Many ESX/ESXi workloads present opportunities for sharing memory across virtual machines.

For example, several virtual machines might be running instances of the same guest operating system, have the same applications or components loaded, or contain common data. In such cases, ESX/ESXi systems use a proprietary transparent page-sharing technique to securely eliminate redundant copies of memory pages. With memory sharing, a workload running in virtual machines often consumes less memory than it would when running on physical machines. As a result, higher levels of overcommitment can be supported efficiently.

Transparent page sharing for ESX/ESXi systems has also been optimized for use on NUMA systems. On NUMA systems, pages are shared per-node, so each NUMA node has its own local copy of heavily shared pages.
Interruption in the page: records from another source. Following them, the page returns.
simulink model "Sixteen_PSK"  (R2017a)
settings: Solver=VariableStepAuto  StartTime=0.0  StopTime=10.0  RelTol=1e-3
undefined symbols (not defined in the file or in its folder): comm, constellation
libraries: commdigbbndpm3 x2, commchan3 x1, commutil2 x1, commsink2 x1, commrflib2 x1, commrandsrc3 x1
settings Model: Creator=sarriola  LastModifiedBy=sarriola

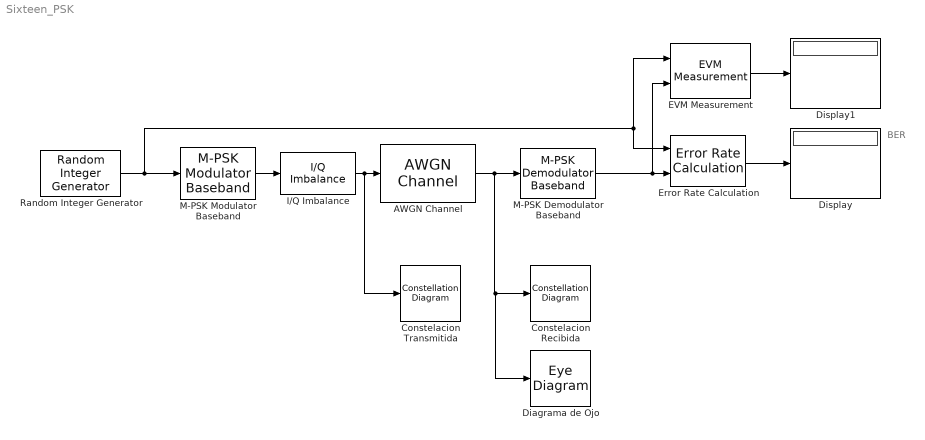
== system Sixteen_PSK ==
  note: BER
  AWGN Channel : commchan3/AWGN Channel  InputProcessing=Columns as channels (frame based)  seed=67  noiseMode="Signal to noise ratio  (SNR)"  EbNodB=10  EsNodB=10  SNRdB=-5  bitsPerSym=3  Ps=1  Tsym=1e-6  variance=1
  "Constelacion Recibida " : ConstellationDiagram
  Constelacion Transmitida : ConstellationDiagram
  "Diagrama de Ojo " : EyeDiagram
  Display : Display
  Display1 : Display
  EVM Measurement : commutil2/EVM Measurement  Normalization=Average reference signal power  AverageConstellationPower=1  PeakConstellationPower=1  ReferenceSignalSource=Input port  ReferenceConstellation=constellation( comm.QPSKModulator )  MeasurementIntervalSource=Input length  MeasurementInterval=100  AveragingDimensions=1  MaximumEVMOutputPort=off  XPercentileEVMOutputPort=off  XPercentileValue=95  SymbolCountOutputPort=off  SimulateUsing=Interpreted execution
      settings: SourceProductName=Communications System Toolbox  SourceProductBaseCode=CM
  Error Rate Calculation : commsink2/Error Rate Calculation  N=0  st_delay=0  cp_mode=Entire frame  subframe=[]  PMode=Port  WsName=ErrorVec  RsMode2=off  stop=off  numErr=100  maxBits=1e6
  I/Q Imbalance : commrflib2/I//Q Imbalance  ampImbal=-10  phsImbal=45  Idc=0  Qdc=0
      settings: SourceProductName=Communications System Toolbox  SourceProductBaseCode=CM
  M-PSK Demodulator Baseband : commdigbbndpm3/M-PSK Demodulator Baseband  M=16  OutType=Integer  DecType=Hard decision  VarSource=Dialog  Variance=1  Dec=Gray  Mapping=[0:7]  Ph=0  outDtype1=Inherit via internal rule  outDtype2=Inherit via internal rule  derotateFactorWordLen=16  derotateFactorDataTypeStr=Inherit: Same word length as input  derotateFactorLastDataTypeStr=Inherit: Same word length as input
      settings: SourceProductName=Communications System Toolbox
  M-PSK Modulator Baseband : commdigbbndpm3/M-PSK Modulator Baseband  M=16  InType=Integer  Enc=Gray  Mapping=[0:7]  Ph=0  outDtype=double  outWordLen=16  outUDDataType=sfix(16)  outFracLenMode=Best precision  outFracLen=15  outDataTypeStr=double  outLastDataTypeStr=double
      settings: SourceProductName=Communications System Toolbox
  Random Integer Generator : commrandsrc3/Random Integer Generator  SetSize=16  SeedSource=Auto  Seed=0  SampleTime=1e-6  SamplesPerFrame=1024  OutputDataType=double  SimulateUsing=Interpreted execution
  wires:
  EVM Measurement/1 -> Display1/1
  AWGN Channel/1 -> "Diagrama de Ojo "/1, "Constelacion Recibida "/1, M-PSK Demodulator Baseband/1
  Error Rate Calculation/1 -> Display/1
  M-PSK Demodulator Baseband/1 -> EVM Measurement/2, Error Rate Calculation/2
  Random Integer Generator/1 -> M-PSK Modulator Baseband/1, EVM Measurement/1, Error Rate Calculation/1
  M-PSK Modulator Baseband/1 -> I/Q Imbalance/1
  I/Q Imbalance/1 -> Constelacion Transmitida/1, AWGN Channel/1

When virtual machines use shared pages, they don't need to access remote memory.

The VMkernel.Boot.sharePerNode option controls whether memory pages can be shared (de-duplicated) only within a single NUMA node or across multiple NUMA nodes.

VMkernel.Boot.sharePerNode is turned on by default, and identical pages are shared only within the same NUMA node. This improves memory locality, because all accesses to shared pages use local memory.

Note

This default behavior is the same in all previous versions of ESX.

When you turn off the VMkernel.Boot.sharePerNode option, identical pages can be shared across different NUMA nodes. This increases the amount of sharing and de-duplication, which reduces overall memory consumption at the expense of memory locality. In memory-constrained environments, such as VMware View deployments, many similar virtual machines present an opportunity for de-duplication, and page sharing across NUMA nodes could be very beneficial.